This week on Vintage 101 the theme will be "anything but Gush." Don't get me wrong, I love Gush. I think it's the best unrestricted blue draw spell in Vintage by a wide margin, and that leads to the metagame being filled with very similar decks. Entire books have been written about Gush at this point, so I think it's fine to look at the rest of what Vintage has to offer instead of telling you which Gush deck is currently king of the hill.

Today I'm going to look at people who are winning with a different set of cards. I love seeing an obscure card do well, and you don't get much more obscure than Helm of Obedience.

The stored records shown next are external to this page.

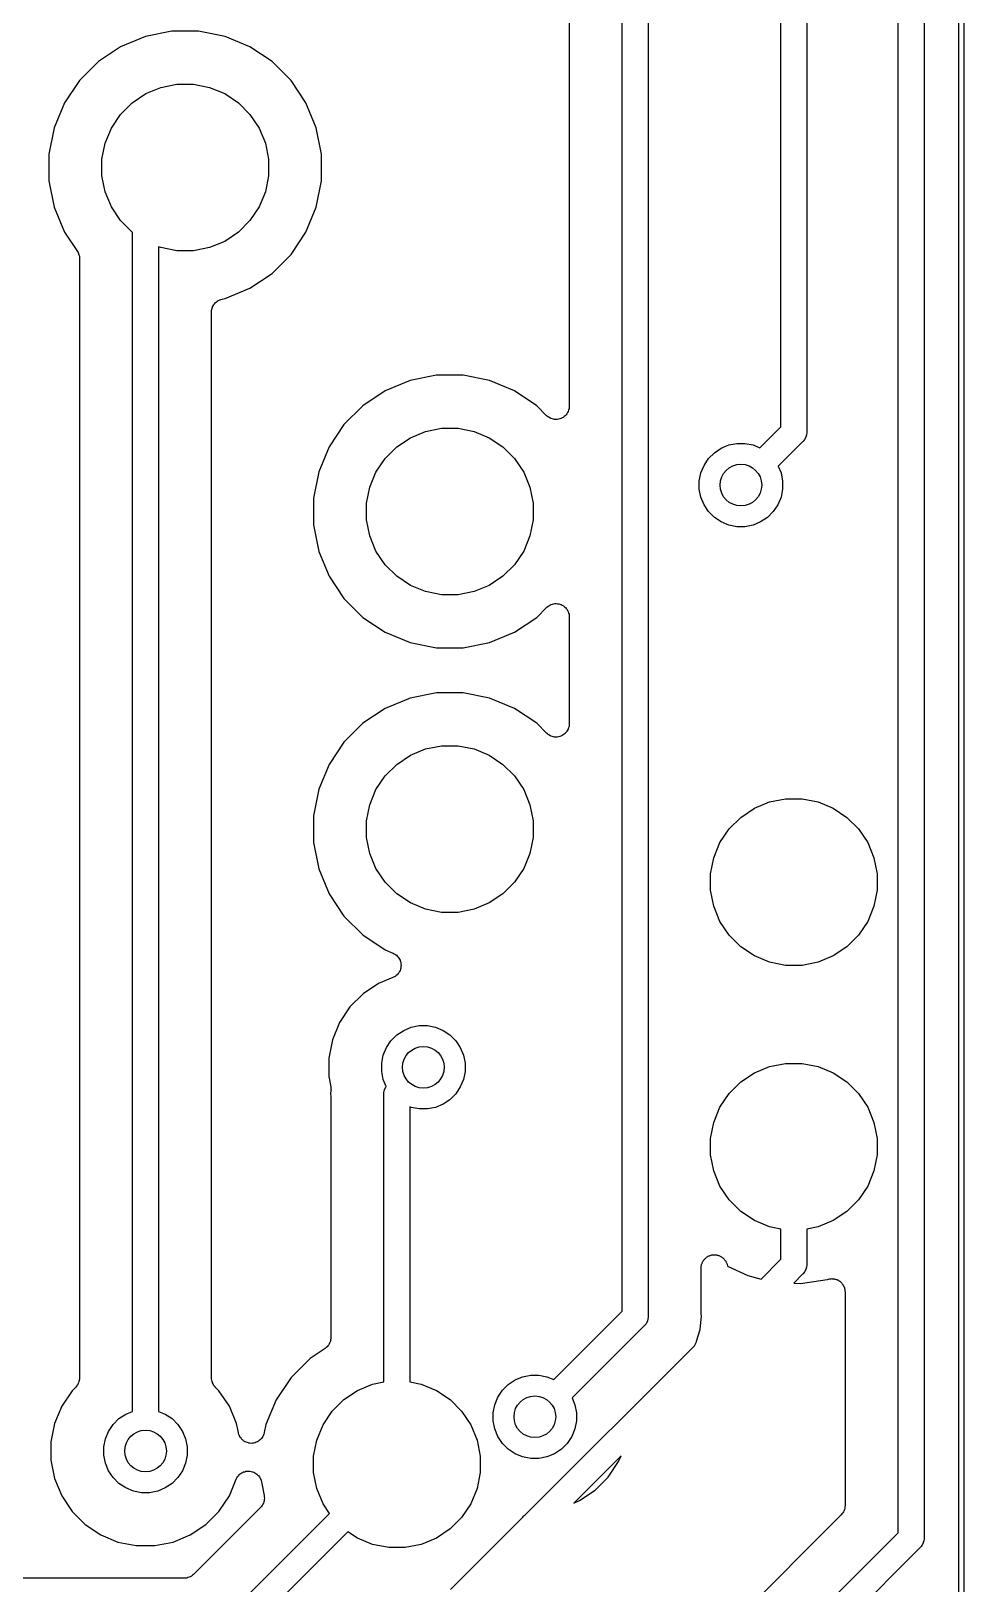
# Model space of a CAD drawing. Extents: x 19 to 115, y -142 to -17.
# Drawn here: x 106.47 to 115.42, y -134.24 to -119.34 of the extents above; entities that cross this region are included whole.
import ezdxf

# ---------------------------------------------------------------- set-up
doc = ezdxf.new("R2010")
doc.units = 0
doc.layers.add('BLACK', color=7, linetype='CONTINUOUS')

msp = doc.modelspace()

# ---------------------------------------------------------------- linework, layer by layer
at = {"layer": 'BLACK', "linetype": 'CONTINUOUS'}
for p, q in [((115.425, -16.6812), (115.425, -142.239)), ((115.375, -142.215), (115.375, -16.705)), ((114.792, -133.754), (114.792, -54.6438)), ((115.042, -54.5981), (115.042, -133.8)), ((112.394, -82.5559), (112.394, -131.671)), ((112.144, -131.625), (112.144, -82.653)), ((111.636, -111.076), (111.636, -122.942)), ((113.667, -123.138), (113.667, -118.139)), ((113.917, -118.139), (113.917, -123.184)), ((107.821, -119.342), (107.568, -119.392)), ((108.079, -119.342), (107.821, -119.342)), ((108.332, -119.392), (108.079, -119.342)), ((107.33, -119.491), (107.116, -119.634)), ((107.568, -119.392), (107.33, -119.491)), ((108.57, -119.491), (108.332, -119.392)), ((108.784, -119.634), (108.57, -119.491)), ((107.116, -119.634), (106.934, -119.816)), ((108.966, -119.816), (108.784, -119.634)), ((106.934, -119.816), (106.791, -120.03)), ((109.109, -120.03), (108.966, -119.816)), ((107.44, -120.029), (107.571, -119.941)), ((107.571, -119.941), (107.717, -119.881)), ((107.717, -119.881), (107.871, -119.85)), ((107.871, -119.85), (108.029, -119.85)), ((108.029, -119.85), (108.183, -119.881)), ((108.183, -119.881), (108.329, -119.941)), ((108.329, -119.941), (108.46, -120.029)), ((106.791, -120.03), (106.692, -120.268)), ((107.329, -120.14), (107.44, -120.029)), ((108.46, -120.029), (108.571, -120.14)), ((109.208, -120.268), (109.109, -120.03)), ((106.692, -120.268), (106.642, -120.521)), ((107.181, -120.417), (107.241, -120.271)), ((107.241, -120.271), (107.329, -120.14)), ((108.571, -120.14), (108.659, -120.271)), ((108.659, -120.271), (108.719, -120.417)), ((109.258, -120.521), (109.208, -120.268)), ((107.15, -120.571), (107.181, -120.417)), ((108.719, -120.417), (108.75, -120.571)), ((106.642, -120.521), (106.642, -120.779)), ((107.15, -120.729), (107.15, -120.571)), ((108.75, -120.571), (108.75, -120.729)), ((109.258, -120.779), (109.258, -120.521)), ((106.642, -120.779), (106.692, -121.032)), ((107.181, -120.883), (107.15, -120.729)), ((108.75, -120.729), (108.719, -120.883)), ((109.208, -121.032), (109.258, -120.779)), ((107.241, -121.029), (107.181, -120.883)), ((108.719, -120.883), (108.659, -121.029)), ((106.692, -121.032), (106.791, -121.27)), ((107.329, -121.16), (107.241, -121.029)), ((107.44, -121.271), (107.329, -121.16)), ((108.571, -121.16), (108.46, -121.271)), ((108.659, -121.029), (108.571, -121.16)), ((109.109, -121.27), (109.208, -121.032)), ((106.791, -121.27), (106.915, -121.455)), ((107.444, -121.274), (107.44, -121.271)), ((107.444, -132.588), (107.444, -121.274)), ((108.46, -121.271), (108.329, -121.359)), ((108.966, -121.484), (109.109, -121.27)), ((106.915, -121.455), (106.915, -121.455)), ((106.915, -121.455), (106.915, -121.455)), ((106.915, -121.455), (106.915, -121.455)), ((106.915, -121.455), (106.916, -121.456)), ((106.916, -121.456), (106.921, -121.467)), ((106.921, -121.467), (106.926, -121.477)), ((107.717, -121.419), (107.694, -121.41)), ((107.694, -121.41), (107.694, -132.588)), ((107.871, -121.45), (107.717, -121.419)), ((108.029, -121.45), (107.871, -121.45)), ((108.183, -121.419), (108.029, -121.45)), ((108.329, -121.359), (108.183, -121.419)), ((106.926, -121.477), (106.927, -121.478)), ((106.927, -121.478), (106.927, -121.478)), ((106.927, -121.478), (106.93, -121.489)), ((106.93, -121.489), (106.934, -121.501)), ((106.934, -121.501), (106.934, -121.501)), ((106.934, -121.501), (106.934, -121.502)), ((106.934, -121.502), (106.935, -121.514)), ((106.935, -121.514), (106.936, -121.525)), ((106.936, -121.525), (106.936, -132.265)), ((108.784, -121.666), (108.966, -121.484)), ((108.57, -121.809), (108.784, -121.666)), ((108.293, -121.917), (108.304, -121.913)), ((108.304, -121.913), (108.332, -121.908)), ((108.332, -121.908), (108.57, -121.809)), ((108.202, -122.036), (108.203, -122.024)), ((108.202, -122.037), (108.202, -122.036)), ((108.202, -122.038), (108.202, -122.037)), ((108.202, -122.037), (108.202, -122.037)), ((108.202, -122.037), (108.202, -122.037)), ((108.202, -132.265), (108.202, -122.038)), ((108.203, -122.024), (108.205, -122.012)), ((108.205, -122.011), (108.208, -122)), ((108.205, -122.012), (108.205, -122.011)), ((108.205, -122.012), (108.205, -122.012)), ((108.208, -122), (108.212, -121.989)), ((108.212, -121.988), (108.218, -121.977)), ((108.212, -121.989), (108.212, -121.988)), ((108.212, -121.988), (108.212, -121.988)), ((108.218, -121.977), (108.224, -121.967)), ((108.224, -121.966), (108.232, -121.957)), ((108.224, -121.967), (108.224, -121.966)), ((108.224, -121.966), (108.224, -121.966)), ((108.232, -121.957), (108.239, -121.948)), ((108.239, -121.948), (108.24, -121.947)), ((108.24, -121.947), (108.249, -121.94)), ((108.24, -121.947), (108.24, -121.947)), ((108.249, -121.94), (108.259, -121.932)), ((108.259, -121.931), (108.27, -121.926)), ((108.259, -121.932), (108.259, -121.931)), ((108.259, -121.932), (108.259, -121.932)), ((108.27, -121.926), (108.281, -121.92)), ((108.281, -121.92), (108.293, -121.917)), ((108.281, -121.92), (108.281, -121.92)), ((108.281, -121.92), (108.281, -121.92)), ((110.361, -122.644), (110.108, -122.694)), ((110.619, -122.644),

I wrote about Ben Perry's Two-Card Monte a few weeks ago, and I'm now starting to see more Helms in the Vintage rooms on Magic Online! On that note, our first deck is a novel list that combines half of the Two-Card Monte combo with an Oath deck.

 

Monte's Oath

If I gave out prizes for interesting decks, I'd owe this person a prize or two by now. For reference, this individual is the same mad scientist who cooked up Landstill Oath list several months ago. 

I had the good fortune of playing against this deck the other day, and it took until game two for me to truly realize what was happening. I saw Chalice of the Void, Defense Grid, Mishra's Workshop, and Oath of Druids over the course of the match, and it was a sight to behold. 

The deck essentially trades the Painter's Servant and Grindstone portion of Two-Card Monte with Oath of Druids and the associated creatures. Adding Oath gives the deck a few advantages.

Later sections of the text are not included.